Biotechnological potential of Actinobacteria from Canadian and Azorean volcanic caves.

Author information

1
Food Science and Health Group (CITA-A), Departamento de Ciências Agrárias, Universidade dos Açores, Angra do Heroísmo, Açores, Portugal.
2
Instituto de Recursos Naturales y Agrobiología de Sevilla, Consejo Superior de Investigaciones Científicas (IRNAS-CSIC), Sevilla, Spain.
3
Laboratory of Genetically Encoded Small Molecules, The Rockefeller University, New York, NY, USA.
4
Department of Biological Sciences, Faculty of Science, Thompson Rivers University, Kamloops, BC, Canada.
5
Department of Biological Sciences, Faculty of Science, Thompson Rivers University, Kamloops, BC, Canada. ncheeptham@tru.ca.

Abstract

Caves are regarded as extreme habitats with appropriate conditions for the development of Actinobacteria. In comparison with other habitats, caves have not yet been the target of intensive screening for bioactive secondary metabolites produced by actinomycetes. As a primary screening strategy, we conducted a metagenomic analysis of the diversity and richness of a key gene required for non-ribosomal peptide (NRP) biosynthesis, focusing on cave-derived sediments from two Canadian caves (a lava tube and a limestone cave) to help us predict whether different types of caves may harbor drug-producing actinobacteria. Using degenerate PCR primers targeting adenylation domains (AD), a conserved domain in the core gene in NRP biosynthesis, a number of amplicons were obtained that mapped back to biomedically relevant NRP gene cluster families. This result guided our culture-dependent sampling strategy of actinomycete isolation from the volcanic caves of Canada (British Columbia) and Portugal (Azores) and subsequent characterization of their antibacterial and enzymatic activities.
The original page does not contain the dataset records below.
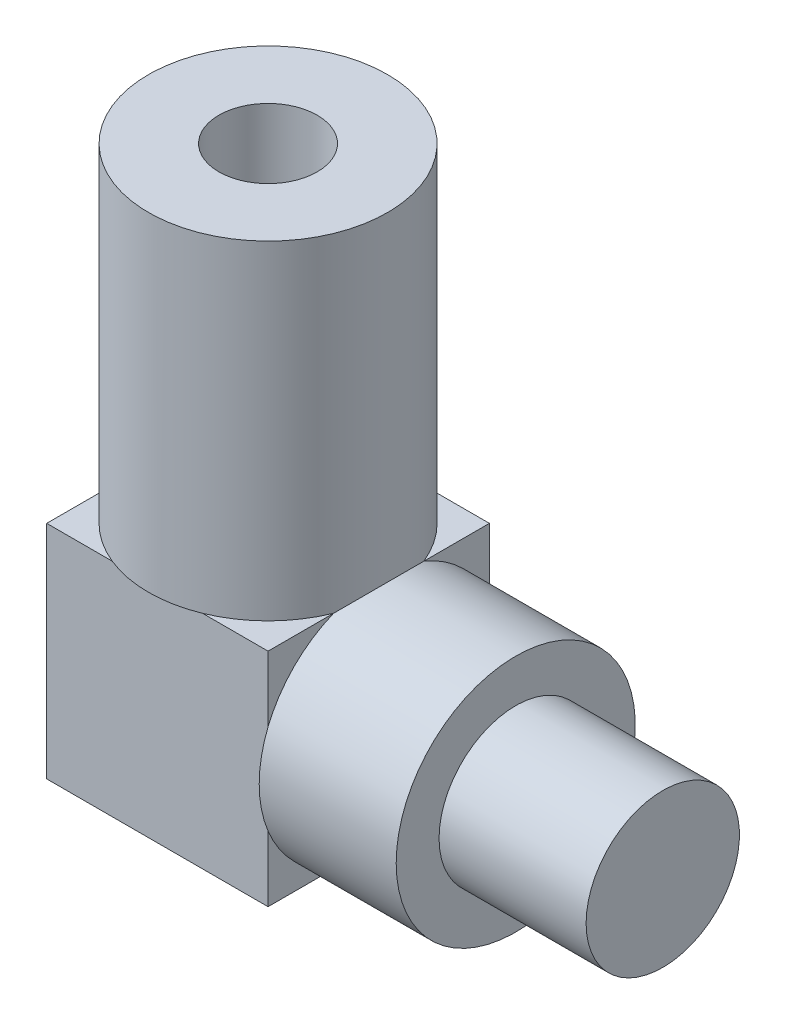
ISO-10303-21;
HEADER;
FILE_DESCRIPTION(('STEP AP214'),'2;1');
FILE_NAME('part.step','',(''),(''),'','','');
FILE_SCHEMA(('AUTOMOTIVE_DESIGN { 1 0 10303 214 1 1 1 1 }'));
ENDSEC;
DATA;
#1=APPLICATION_CONTEXT('core data for automotive mechanical design processes');
#2=APPLICATION_PROTOCOL_DEFINITION('international standard','automotive_design',2000,#1);
#3=PRODUCT_CONTEXT('',#1,'mechanical');
#4=PRODUCT('Part','Part','',(#3));
#5=PRODUCT_RELATED_PRODUCT_CATEGORY('part','',(#4));
#6=PRODUCT_DEFINITION_FORMATION('','',#4);
#7=PRODUCT_DEFINITION_CONTEXT('part definition',#1,'design');
#8=PRODUCT_DEFINITION('design','',#6,#7);
#9=PRODUCT_DEFINITION_SHAPE('','',#8);
#10=(LENGTH_UNIT() NAMED_UNIT(*) SI_UNIT(.MILLI.,.METRE.));
#11=(NAMED_UNIT(*) PLANE_ANGLE_UNIT() SI_UNIT($,.RADIAN.));
#12=(NAMED_UNIT(*) SI_UNIT($,.STERADIAN.) SOLID_ANGLE_UNIT());
#13=UNCERTAINTY_MEASURE_WITH_UNIT(LENGTH_MEASURE(1.E-05),#10,'distance_accuracy_value','');
#14=(GEOMETRIC_REPRESENTATION_CONTEXT(3) GLOBAL_UNCERTAINTY_ASSIGNED_CONTEXT((#13)) GLOBAL_UNIT_ASSIGNED_CONTEXT((#10,
#11,#12)) REPRESENTATION_CONTEXT('',''));
#15=CARTESIAN_POINT('',(0.,0.,0.));
#16=DIRECTION('',(0.,0.,1.));
#17=DIRECTION('',(1.,0.,0.));
#18=AXIS2_PLACEMENT_3D('',#15,#16,#17);
#19=CARTESIAN_POINT('',(-8.85,7.15,7.15));
#20=DIRECTION('',(0.,-1.,0.));
#21=DIRECTION('',(0.,0.,-1.));
#22=AXIS2_PLACEMENT_3D('',#19,#20,#21);
#23=PLANE('',#22);
#24=DIRECTION('',(-1.,0.,0.));
#25=VECTOR('',#24,1.);
#26=CARTESIAN_POINT('',(-8.85,7.15,-7.15));
#27=LINE('',#26,#25);
#28=CARTESIAN_POINT('',(-8.85,7.15,-7.15));
#29=VERTEX_POINT('',#28);
#30=CARTESIAN_POINT('',(-13.0833608382249,7.15,-7.15));
#31=VERTEX_POINT('',#30);
#32=EDGE_CURVE('E157',#29,#31,#27,.T.);
#33=ORIENTED_EDGE('',*,*,#32,.T.);
#34=CARTESIAN_POINT('',(-16.,7.15,0.));
#35=DIRECTION('',(0.,-1.,0.));
#36=DIRECTION('',(0.,0.,-1.));
#37=AXIS2_PLACEMENT_3D('',#34,#35,#36);
#38=CIRCLE('',#37,7.722);
#39=CARTESIAN_POINT('',(-8.85000000000001,7.15,-2.91663916177508));
#40=VERTEX_POINT('',#39);
#41=EDGE_CURVE('E148',#31,#40,#38,.T.);
#42=ORIENTED_EDGE('',*,*,#41,.T.);
#43=DIRECTION('',(0.,0.,-1.));
#44=VECTOR('',#43,1.);
#45=CARTESIAN_POINT('',(-8.85,7.15,7.15));
#46=LINE('',#45,#44);
#47=EDGE_CURVE('E163',#40,#29,#46,.T.);
#48=ORIENTED_EDGE('',*,*,#47,.T.);
#49=EDGE_LOOP('',(#33,#42,#48));
#50=FACE_BOUND('',#49,.T.);
#51=ADVANCED_FACE('F41',(#50),#23,.F.);
#52=CARTESIAN_POINT('',(-8.85,7.15,7.15));
#53=VERTEX_POINT('',#52);
#54=CARTESIAN_POINT('',(-8.85000000000002,7.15,2.91663916177508));
#55=VERTEX_POINT('',#54);
#56=EDGE_CURVE('E178',#53,#55,#46,.T.);
#57=ORIENTED_EDGE('',*,*,#56,.T.);
#58=CARTESIAN_POINT('',(-13.0833608382249,7.15,7.15));
#59=VERTEX_POINT('',#58);
#60=EDGE_CURVE('E155',#55,#59,#38,.T.);
#61=ORIENTED_EDGE('',*,*,#60,.T.);
#62=DIRECTION('',(-1.,0.,0.));
#63=VECTOR('',#62,1.);
#64=CARTESIAN_POINT('',(-8.85,7.15,7.15));
#65=LINE('',#64,#63);
#66=EDGE_CURVE('E273',#53,#59,#65,.T.);
#67=ORIENTED_EDGE('',*,*,#66,.F.);
#68=EDGE_LOOP('',(#57,#61,#67));
#69=FACE_BOUND('',#68,.T.);
#70=ADVANCED_FACE('F243',(#69),#23,.F.);
#71=CARTESIAN_POINT('',(-18.9166391617751,7.15,7.15));
#72=VERTEX_POINT('',#71);
#73=CARTESIAN_POINT('',(-23.15,7.15,7.15));
#74=VERTEX_POINT('',#73);
#75=EDGE_CURVE('E68',#72,#74,#65,.T.);
#76=ORIENTED_EDGE('',*,*,#75,.F.);
#77=CARTESIAN_POINT('',(-23.15,7.15,2.91663916177509));
#78=VERTEX_POINT('',#77);
#79=EDGE_CURVE('E275',#72,#78,#38,.T.);
#80=ORIENTED_EDGE('',*,*,#79,.T.);
#81=DIRECTION('',(0.,0.,-1.));
#82=VECTOR('',#81,1.);
#83=CARTESIAN_POINT('',(-23.15,7.15,7.15));
#84=LINE('',#83,#82);
#85=EDGE_CURVE('E171',#74,#78,#84,.T.);
#86=ORIENTED_EDGE('',*,*,#85,.F.);
#87=EDGE_LOOP('',(#76,#80,#86));
#88=FACE_BOUND('',#87,.T.);
#89=ADVANCED_FACE('F246',(#88),#23,.F.);
#90=CARTESIAN_POINT('',(-8.85,-7.15,7.15));
#91=DIRECTION('',(-1.,0.,0.));
#92=DIRECTION('',(0.,0.,1.));
#93=AXIS2_PLACEMENT_3D('',#90,#91,#92);
#94=PLANE('',#93);
#95=DIRECTION('',(0.,1.,0.));
#96=VECTOR('',#95,1.);
#97=CARTESIAN_POINT('',(-8.85,-7.15,7.15));
#98=LINE('',#97,#96);
#99=CARTESIAN_POINT('',(-8.85000000000002,2.91663916177508,7.15));
#100=VERTEX_POINT('',#99);
#101=EDGE_CURVE('E284',#100,#53,#98,.T.);
#102=ORIENTED_EDGE('',*,*,#101,.F.);
#103=CARTESIAN_POINT('',(-8.85000000000002,0.,0.));
#104=DIRECTION('',(-1.,0.,0.));
#105=DIRECTION('',(0.,0.,1.));
#106=AXIS2_PLACEMENT_3D('',#103,#104,#105);
#107=CIRCLE('',#106,7.722);
#108=EDGE_CURVE('E193',#100,#55,#107,.T.);
#109=ORIENTED_EDGE('',*,*,#108,.T.);
#110=ORIENTED_EDGE('',*,*,#56,.F.);
#111=EDGE_LOOP('',(#102,#109,#110));
#112=FACE_BOUND('',#111,.T.);
#113=ADVANCED_FACE('F263',(#112),#94,.F.);
#114=ORIENTED_EDGE('',*,*,#47,.F.);
#115=CARTESIAN_POINT('',(-8.85000000000002,2.91663916177508,-7.15));
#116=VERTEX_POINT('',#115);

Multiple enzymatic and antimicrobial activities were identified from bacterial of the Arthrobacter and Streptomyces genera demonstrating that actinomycetes from volcanic caves are promising sources of antibacterial, antibiofilm compounds and industrially relevant enzymes.

KEYWORDS:

Actinobacteria; Antimicrobial activity; Caves; Enzymatic activity; Metagenomics

PMID:
27812802
DOI:
10.1007/s00253-016-7932-7
[Indexed for MEDLINE]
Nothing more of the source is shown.